In other words, ceteris paribus knowledge isn’t knowledge at all. Only unconditional claims count — but they don’t have to be predictions of a single variable, they can be claims about the joint distribution of several. But in any case we have positive knowledge only to the extent we can unconditionally say that future observations will fall entirely in a certain part of the state space. This fails if we have a ceteris paribus condition, or if our empirical works “corrects” for factors whose distribution and the nature of whose influence we have not invstigated.3 Applied science is useful because it gives us knowledge of the kind, “If I don’t turn the key, the car will not start, if I do turn the key, it will — or if it doesn’t there is a short list of possible reasons why not.” It doesn’t give us knowledge like “All else equal, the car is more likely to start when the key is turned than when it isn’t.”4
If probability distributions are simply tools for making unconditional claims about specific events, then it doesn’t make sense to think of them as existing out in the world. They are, as Keynes also emphasized, simply ways of describing our own subjective state of belief:
We might interpret “probability” simply as a measure of our a priori confidence in the occurrence of a certain event. Then the theoretical notion of a probability distribution serves us chiefly as a tool for deriving statements that have a very high probability of being true.
Another way of looking at this. Research in economics is generally framed in terms of uncovering universal laws, for which the particular phenomenon being studied merely serves as a case study.5 But in the real world, it’s more oftne the other way: We are interested in some specific case, often the outcome of some specific action we are considering. Or as Haavelmo puts it,
As a rule we are not particularly interested in making statements about a large number of observations. Usually, we are interested in a relatively small number of observations points; or perhaps even more frequently, we are interested in a practical statement about just one single new observation.

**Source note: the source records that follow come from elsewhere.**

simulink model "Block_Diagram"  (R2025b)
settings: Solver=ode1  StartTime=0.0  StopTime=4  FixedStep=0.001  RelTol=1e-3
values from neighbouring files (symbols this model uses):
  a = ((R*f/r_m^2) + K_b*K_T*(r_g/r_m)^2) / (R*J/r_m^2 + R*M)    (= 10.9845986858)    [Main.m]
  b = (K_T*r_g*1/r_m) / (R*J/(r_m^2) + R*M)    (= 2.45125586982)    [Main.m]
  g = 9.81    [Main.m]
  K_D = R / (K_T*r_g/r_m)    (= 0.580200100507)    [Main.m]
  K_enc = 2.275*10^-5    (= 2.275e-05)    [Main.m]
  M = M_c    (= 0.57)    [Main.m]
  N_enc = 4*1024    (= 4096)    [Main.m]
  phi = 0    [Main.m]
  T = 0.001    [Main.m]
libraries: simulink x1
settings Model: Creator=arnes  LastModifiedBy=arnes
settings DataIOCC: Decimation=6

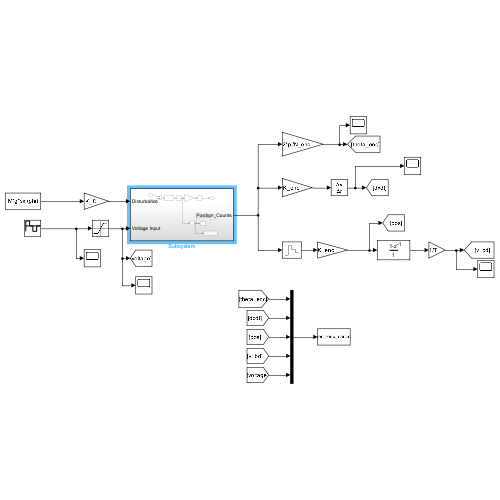
[thumbnail: Simulink's stored preview of the top-level diagram]
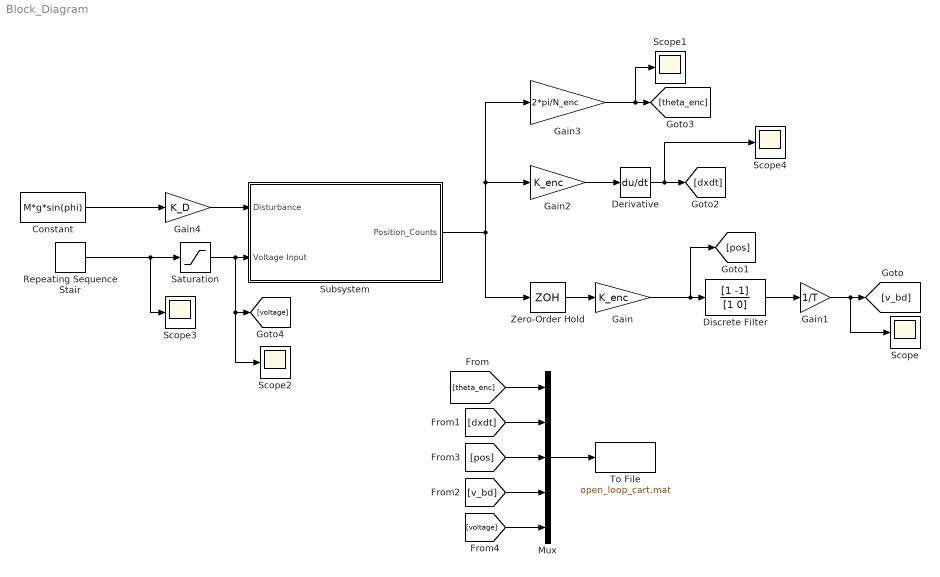
== system Block_Diagram ==
  Constant : Constant  Value=M*g*sin(phi)
  Derivative : Derivative
  Discrete Filter : DiscreteFilter  Numerator=[1 -1]  Denominator=[1 0]
  Gain : Gain  Gain=K_enc
  Gain1 : Gain  Gain=1/T
  Gain2 : Gain  Gain=K_enc
  Gain3 : Gain  Gain=2*pi/N_enc
  Gain4 : Gain  Gain=K_D
  Mux : Mux  Inputs=5
  Repeating Sequence Stair : simulink/Sources/Repeating Sequence Stair  OutValues=[2 00 -2 00].'  tsamp=1  OutMin=[]  OutMax=[]  OutDataTypeStr=double  OutputDataTypeScalingMode=double  OutDataType=fixdt(0,8)  ConRadixGroup=Best Precision: Vector-wise  OutScaling=2^-12
  Saturation : Saturate  UpperLimit=5  LowerLimit=-5
  Scope{,1..4} (5 alike) : Scope
      Scope settings: ActiveDisplayYMinimum=-0.56875000000004838  ActiveDisplayYMaximum=0.56875000000004838
      Scope1 settings: ActiveDisplayYMinimum=-3.761512639494077  ActiveDisplayYMaximum=33.8536137554467
      Scope2 settings: DataLoggingVariableName=ScopeData2
      Scope3 settings: DataLoggingVariableName=ScopeData3
      Scope4 settings: ActiveDisplayYMinimum=-0.0102099015988013  ActiveDisplayYMaximum=0.040798715828425321  DataLoggingVariableName=ScopeData4
  Subsystem : Subsystem
  To File : ToFile  Filename=open_loop_cart.mat  MatrixName=cart_data
  Zero-Order Hold : ZeroOrderHold  SampleTime=T
  wires:
  Gain/1 -> [pos], Discrete Filter/1
  Zero-Order Hold/1 -> Gain/1
  Discrete Filter/1 -> Gain1/1
  Gain1/1 -> Scope/1, [v_bd]
  Derivative/1 -> Scope4/1, [dxdt]
  Gain2/1 -> Derivative/1
  Gain3/1 -> Scope1/1, [theta_enc]
  Mux/1 -> To File/1
  [theta_enc] -> Mux/1
  [dxdt] -> Mux/2
  [pos] -> Mux/3
  [v_bd] -> Mux/4
  Subsystem/1(Position_Counts) -> Zero-Order Hold/1, Gain2/1, Gain3/1
  Saturation/1 -> Scope2/1, [voltage], Subsystem/2(Voltage Input)
  Gain4/1 -> Subsystem/1(Disturbance)
  [voltage] -> Mux/5
  Repeating Sequence Stair/1 -> Scope3/1, Saturation/1
  Constant/1 -> Gain4/1

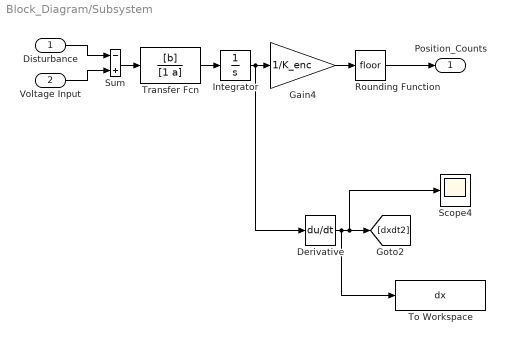
== system Block_Diagram/Subsystem ==
  Disturbance : Inport
  Voltage Input : Inport  Port=2
  Derivative : Derivative
  Gain4 : Gain  Gain=1/K_enc
  Integrator : Integrator
  Rounding Function : Rounding
  Scope4 : Scope
      settings: ActiveDisplayYMinimum=-0.098144858910795413  ActiveDisplayYMaximum=0.28660787034188773  DataLoggingVariableName=ScopeData5
  Sum : Sum  Inputs=-+
  To Workspace : ToWorkspace  VariableName=dx  SaveFormat=Timeseries  SampleTime=-1
  Transfer Fcn : TransferFcn  Numerator=[b]  Denominator=[1 a]
  Position_Counts : Outport
  wires:
  Sum/1 -> Transfer Fcn/1
  Disturbance/1 -> Sum/1
  Integrator/1 -> Derivative/1, Gain4/1
  Voltage Input/1 -> Sum/2
  Transfer Fcn/1 -> Integrator/1
  Rounding Function/1 -> Position_Counts/1
  Gain4/1 -> Rounding Function/1
  Derivative/1 -> To Workspace/1, Scope4/1, [dxdt2]

We want economics to answer questions like, “what will happen if US imposes tariffs on China”? The question of what effects tariffs have on trade in the abstract is, itself, uninteresting and unanswerable.
What do we take from this? How, according to Haavelmo, should empirical economics be?
First, the goal of empirical work is to explain concrete phenomena — what happened, or will happen, in some particular case.
Second, the content of a theory is inseparable from the procedures for measuring the variables in it.
Third, empirical work requires restrictions on the logically possible space of parameters, some of which have to be imposed a priori.
Finally, prediction (the goal) means making unconditional claims about the joint distribution of one or more variables. “Everything else equal” means “I don’t know.”
All of this based on the idea that we study economics not as an end in itself, but in response to the problems forced on us by the world.